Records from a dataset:
++++++++
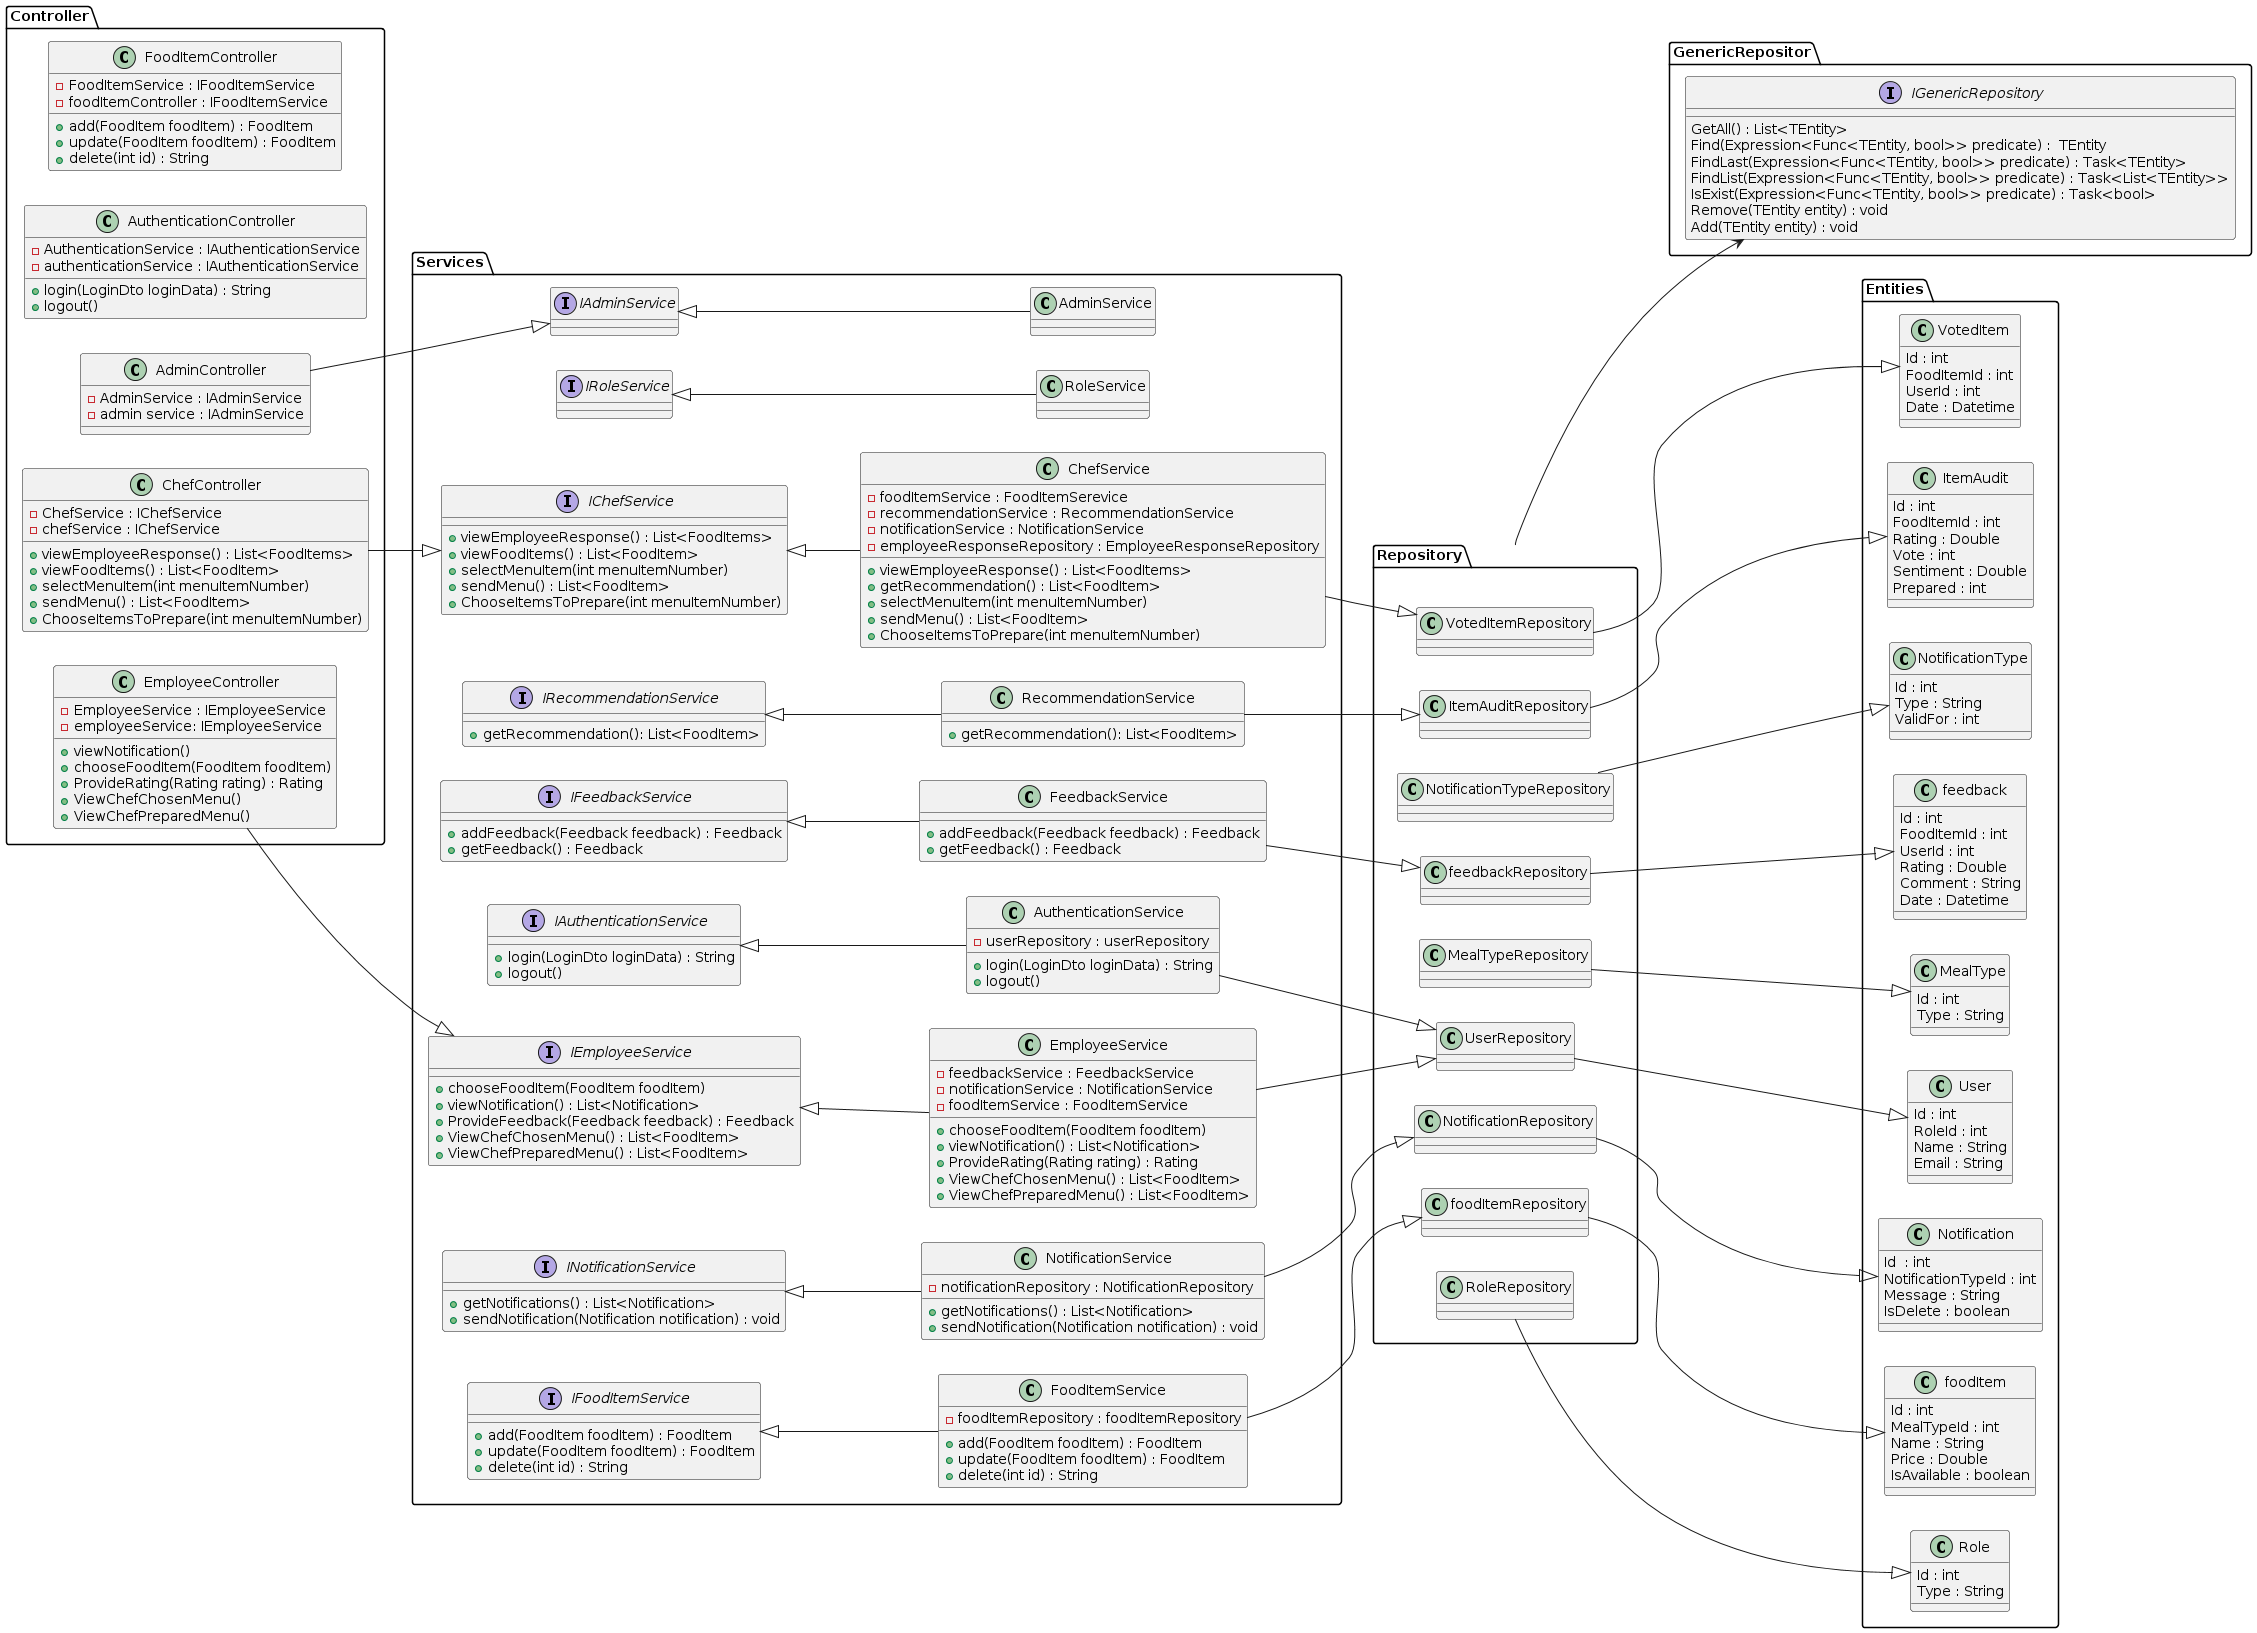

The diagram above was rendered by PlantUML. Its source (embedded in the PNG):
@startuml
left to right direction

package "Controller"{

class EmployeeController{
-EmployeeService : IEmployeeService
}

class ChefController{
-ChefService : IChefService
}

class AdminController{
-AdminService : IAdminService
}

class AuthenticationController{
-AuthenticationService : IAuthenticationService
}

class FoodItemController{
-FoodItemService : IFoodItemService
}

}

class Controller.AuthenticationController{
-authenticationService : IAuthenticationService
+login(LoginDto loginData) : String
+logout()
}
class Controller.FoodItemController{
-foodItemController : IFoodItemService
+add(FoodItem foodItem) : FoodItem
+update(FoodItem foodItem) : FoodItem
+delete(int id) : String
}
class Controller.AdminController{
-admin service : IAdminService
}
class Controller.EmployeeController{
-employeeService: IEmployeeService
+viewNotification() 
+chooseFoodItem(FoodItem foodItem)
+ProvideRating(Rating rating) : Rating
+ViewChefChosenMenu()
+ViewChefPreparedMenu()
}
class Controller.ChefController{
-chefService : IChefService
+viewEmployeeResponse() : List<FoodItems>
+viewFoodItems() : List<FoodItem>
+selectMenuItem(int menuItemNumber)
+sendMenu() : List<FoodItem>
+ChooseItemsToPrepare(int menuItemNumber)
}

package "Services"
{

class EmployeeService {

}

class AdminService {

}

class RoleService {

}

class ChefService {

}

class RecommendationService {

}

class NotificationService{

}

class AuthenticationService{

}

class FoodItemService{

}

interface IAuthenticationService{

}

interface IFoodItemService{

}

interface INotificationService{

}


interface IFeedbackService {

}

interface IRecommendationService {

}

interface IEmployeeService{

}

interface IAdminService{

}

interface IRoleService{

}

interface IChefService{

}

}


interface Services.IEmployeeService{
+chooseFoodItem(FoodItem foodItem)
+viewNotification() : List<Notification>
+ProvideFeedback(Feedback feedback) : Feedback
+ViewChefChosenMenu() : List<FoodItem>
+ViewChefPreparedMenu() : List<FoodItem>
}

class Services.EmployeeService{
-feedbackService : FeedbackService
-notificationService : NotificationService
-foodItemService : FoodItemService
+chooseFoodItem(FoodItem foodItem)
+viewNotification() : List<Notification>
+ProvideRating(Rating rating) : Rating
+ViewChefChosenMenu() : List<FoodItem>
+ViewChefPreparedMenu() : List<FoodItem>
}

interface Services.IAdminService{
}

class Services.AdminService{
}

interface Services.IChefService{
+viewEmployeeResponse() : List<FoodItems>
+viewFoodItems() : List<FoodItem>
+selectMenuItem(int menuItemNumber)
+sendMenu() : List<FoodItem>
+ChooseItemsToPrepare(int menuItemNumber)
}

class Services.ChefService{
-foodItemService : FoodItemSerevice
-recommendationService : RecommendationService
-notificationService : NotificationService
-employeeResponseRepository : EmployeeResponseRepository
+viewEmployeeResponse() : List<FoodItems>
+getRecommendation() : List<FoodItem>
+selectMenuItem(int menuItemNumber)
+sendMenu() : List<FoodItem>
+ChooseItemsToPrepare(int menuItemNumber)
}

interface Services.INotificationService{
+getNotifications() : List<Notification>
+sendNotification(Notification notification) : void
}

class Services.NotificationService{
-notificationRepository : NotificationRepository
+getNotifications() : List<Notification>
+sendNotification(Notification notification) : void
}

interface Services.IRecommendationService{
+getRecommendation(): List<FoodItem> 
}

class Services.RecommendationService{
+getRecommendation(): List<FoodItem> 
}

interface Services.IFeedbackService{
+addFeedback(Feedback feedback) : Feedback
+getFeedback() : Feedback
}

class Services.FeedbackService{
+addFeedback(Feedback feedback) : Feedback
+getFeedback() : Feedback
}

interface Services.IAuthenticationService{
+login(LoginDto loginData) : String
+logout()
}

class Services.AuthenticationService{
-userRepository : userRepository
+login(LoginDto loginData) : String
+logout()
}

interface Services.IFoodItemService{
+add(FoodItem foodItem) : FoodItem
+update(FoodItem foodItem) : FoodItem
+delete(int id) : String
}

class Services.FoodItemService{
-foodItemRepository : foodItemRepository
+add(FoodItem foodItem) : FoodItem
+update(FoodItem foodItem) : FoodItem
+delete(int id) : String
}




package "Repository"
{

class RoleRepository{

}
class UserRepository{

}
class feedbackRepository{

}

class foodItemRepository {

}

class MealTypeRepository {

}

class NotificationRepository {

}

class NotificationTypeRepository {

}

class VotedItemRepository {

}

class ItemAuditRepository {

}



}

package "GenericRepositor"
{

interface IGenericRepository {
GetAll() : List<TEntity>
Find(Expression<Func<TEntity, bool>> predicate) :  TEntity 
FindLast(Expression<Func<TEntity, bool>> predicate) : Task<TEntity> 
FindList(Expression<Func<TEntity, bool>> predicate) : Task<List<TEntity>>
IsExist(Expression<Func<TEntity, bool>> predicate) : Task<bool>
Remove(TEntity entity) : void
Add(TEntity entity) : void
}
}

package "Entities" {

class Role{
Id : int
Type : String
}
class User{
Id : int
RoleId : int
Name : String
Email : String
}
class feedback{
Id : int 
FoodItemId : int
UserId : int
Rating : Double
Comment : String
Date : Datetime
}

class foodItem {
Id : int
MealTypeId : int
Name : String
Price : Double
IsAvailable : boolean
}

class MealType {
Id : int
Type : String
}

class Notification {
Id  : int
NotificationTypeId : int
Message : String
IsDelete : boolean
}

class NotificationType {
Id : int
Type : String
ValidFor : int
}

class VotedItem {
Id : int
FoodItemId : int
UserId : int
Date : Datetime
}

class ItemAudit {
Id : int
FoodItemId : int
Rating : Double
Vote : int
Sentiment : Double
Prepared : int
}

}

ChefController --|> IChefService
AdminController --|> IAdminService
EmployeeController --|> IEmployeeService


IChefService <|-- ChefService
IFeedbackService <|-- FeedbackService
IRecommendationService <|-- RecommendationService
IRoleService <|-- RoleService
IEmployeeService <|-- EmployeeService
IAdminService <|-- AdminService
INotificationService <|-- NotificationService
IFoodItemService <|-- FoodItemService
IAuthenticationService <|-- AuthenticationService



RoleRepository --|> Role
UserRepository --|> User
feedbackRepository --|> feedback
foodItemRepository --|> foodItem
MealTypeRepository --|> MealType
NotificationRepository --|> Notification
NotificationTypeRepository --|> NotificationType
VotedItemRepository --|> VotedItem
ItemAuditRepository --|> ItemAudit




ChefService --|> VotedItemRepository
NotificationService --|> NotificationRepository 
EmployeeService --|> UserRepository
RecommendationService --|> ItemAuditRepository
FeedbackService --|> feedbackRepository
FoodItemService --|> foodItemRepository
AuthenticationService --|> UserRepository
Repository --> IGenericRepository
@enduml
++++++++
EXERCISE PROMPT: Retype all entries exactly, without the images.

TASK RESPONSE:
The diagram above was rendered by PlantUML. Its source (embedded in the PNG):
@startuml
left to right direction

package "Controller"{

class EmployeeController{
-EmployeeService : IEmployeeService
}

class ChefController{
-ChefService : IChefService
}

class AdminController{
-AdminService : IAdminService
}

class AuthenticationController{
-AuthenticationService : IAuthenticationService
}

class FoodItemController{
-FoodItemService : IFoodItemService
}

}

class Controller.AuthenticationController{
-authenticationService : IAuthenticationService
+login(LoginDto loginData) : String
+logout()
}
class Controller.FoodItemController{
-foodItemController : IFoodItemService
+add(FoodItem foodItem) : FoodItem
+update(FoodItem foodItem) : FoodItem
+delete(int id) : String
}
class Controller.AdminController{
-admin service : IAdminService
}
class Controller.EmployeeController{
-employeeService: IEmployeeService
+viewNotification() 
+chooseFoodItem(FoodItem foodItem)
+ProvideRating(Rating rating) : Rating
+ViewChefChosenMenu()
+ViewChefPreparedMenu()
}
class Controller.ChefController{
-chefService : IChefService
+viewEmployeeResponse() : List<FoodItems>
+viewFoodItems() : List<FoodItem>
+selectMenuItem(int menuItemNumber)
+sendMenu() : List<FoodItem>
+ChooseItemsToPrepare(int menuItemNumber)
}

package "Services"
{

class EmployeeService {

}

class AdminService {

}

class RoleService {

}

class ChefService {

}

class RecommendationService {

}

class NotificationService{

}

class AuthenticationService{

}

class FoodItemService{

}

interface IAuthenticationService{

}

interface IFoodItemService{

}

interface INotificationService{

}


interface IFeedbackService {

}

interface IRecommendationService {

}

interface IEmployeeService{

}

interface IAdminService{

}

interface IRoleService{

}

interface IChefService{

}

}


interface Services.IEmployeeService{
+chooseFoodItem(FoodItem foodItem)
+viewNotification() : List<Notification>
+ProvideFeedback(Feedback feedback) : Feedback
+ViewChefChosenMenu() : List<FoodItem>
+ViewChefPreparedMenu() : List<FoodItem>
}

class Services.EmployeeService{
-feedbackService : FeedbackService
-notificationService : NotificationService
-foodItemService : FoodItemService
+chooseFoodItem(FoodItem foodItem)
+viewNotification() : List<Notification>
+ProvideRating(Rating rating) : Rating
+ViewChefChosenMenu() : List<FoodItem>
+ViewChefPreparedMenu() : List<FoodItem>
}

interface Services.IAdminService{
}

class Services.AdminService{
}

interface Services.IChefService{
+viewEmployeeResponse() : List<FoodItems>
+viewFoodItems() : List<FoodItem>
+selectMenuItem(int menuItemNumber)
+sendMenu() : List<FoodItem>
+ChooseItemsToPrepare(int menuItemNumber)
}

class Services.ChefService{
-foodItemService : FoodItemSerevice
-recommendationService : RecommendationService
-notificationService : NotificationService
-employeeResponseRepository : EmployeeResponseRepository
+viewEmployeeResponse() : List<FoodItems>
+getRecommendation() : List<FoodItem>
+selectMenuItem(int menuItemNumber)
+sendMenu() : List<FoodItem>
+ChooseItemsToPrepare(int menuItemNumber)
}

interface Services.INotificationService{
+getNotifications() : List<Notification>
+sendNotification(Notification notification) : void
}

class Services.NotificationService{
-notificationRepository : NotificationRepository
+getNotifications() : List<Notification>
+sendNotification(Notification notification) : void
}

interface Services.IRecommendationService{
+getRecommendation(): List<FoodItem> 
}

class Services.RecommendationService{
+getRecommendation(): List<FoodItem> 
}

interface Services.IFeedbackService{
+addFeedback(Feedback feedback) : Feedback
+getFeedback() : Feedback
}

class Services.FeedbackService{
+addFeedback(Feedback feedback) : Feedback
+getFeedback() : Feedback
}

interface Services.IAuthenticationService{
+login(LoginDto loginData) : String
+logout()
}

class Services.AuthenticationService{
-userRepository : userRepository
+login(LoginDto loginData) : String
+logout()
}

interface Services.IFoodItemService{
+add(FoodItem foodItem) : FoodItem
+update(FoodItem foodItem) : FoodItem
+delete(int id) : String
}

class Services.FoodItemService{
-foodItemRepository : foodItemRepository
+add(FoodItem foodItem) : FoodItem
+update(FoodItem foodItem) : FoodItem
+delete(int id) : String
}




package "Repository"
{

class RoleRepository{

}
class UserRepository{

}
class feedbackRepository{

}

class foodItemRepository {

}

class MealTypeRepository {

}

class NotificationRepository {

}

class NotificationTypeRepository {

}

class VotedItemRepository {

}

class ItemAuditRepository {

}



}

package "GenericRepositor"
{

interface IGenericRepository {
GetAll() : List<TEntity>
Find(Expression<Func<TEntity, bool>> predicate) :  TEntity 
FindLast(Expression<Func<TEntity, bool>> predicate) : Task<TEntity> 
FindList(Expression<Func<TEntity, bool>> predicate) : Task<List<TEntity>>
IsExist(Expression<Func<TEntity, bool>> predicate) : Task<bool>
Remove(TEntity entity) : void
Add(TEntity entity) : void
}
}

package "Entities" {

class Role{
Id : int
Type : String
}
class User{
Id : int
RoleId : int
Name : String
Email : String
}
class feedback{
Id : int 
FoodItemId : int
UserId : int
Rating : Double
Comment : String
Date : Datetime
}

class foodItem {
Id : int
MealTypeId : int
Name : String
Price : Double
IsAvailable : boolean
}

class MealType {
Id : int
Type : String
}

class Notification {
Id  : int
NotificationTypeId : int
Message : String
IsDelete : boolean
}

class NotificationType {
Id : int
Type : String
ValidFor : int
}

class VotedItem {
Id : int
FoodItemId : int
UserId : int
Date : Datetime
}

class ItemAudit {
Id : int
FoodItemId : int
Rating : Double
Vote : int
Sentiment : Double
Prepared : int
}

}

ChefController --|> IChefService
AdminController --|> IAdminService
EmployeeController --|> IEmployeeService


IChefService <|-- ChefService
IFeedbackService <|-- FeedbackService
IRecommendationService <|-- RecommendationService
IRoleService <|-- RoleService
IEmployeeService <|-- EmployeeService
IAdminService <|-- AdminService
INotificationService <|-- NotificationService
IFoodItemService <|-- FoodItemService
IAuthenticationService <|-- AuthenticationService



RoleRepository --|> Role
UserRepository --|> User
feedbackRepository --|> feedback
foodItemRepository --|> foodItem
MealTypeRepository --|> MealType
NotificationRepository --|> Notification
NotificationTypeRepository --|> NotificationType
VotedItemRepository --|> VotedItem
ItemAuditRepository --|> ItemAudit




ChefService --|> VotedItemRepository
NotificationService --|> NotificationRepository 
EmployeeService --|> UserRepository
RecommendationService --|> ItemAuditRepository
FeedbackService --|> feedbackRepository
FoodItemService --|> foodItemRepository
AuthenticationService --|> UserRepository
Repository --> IGenericRepository
@enduml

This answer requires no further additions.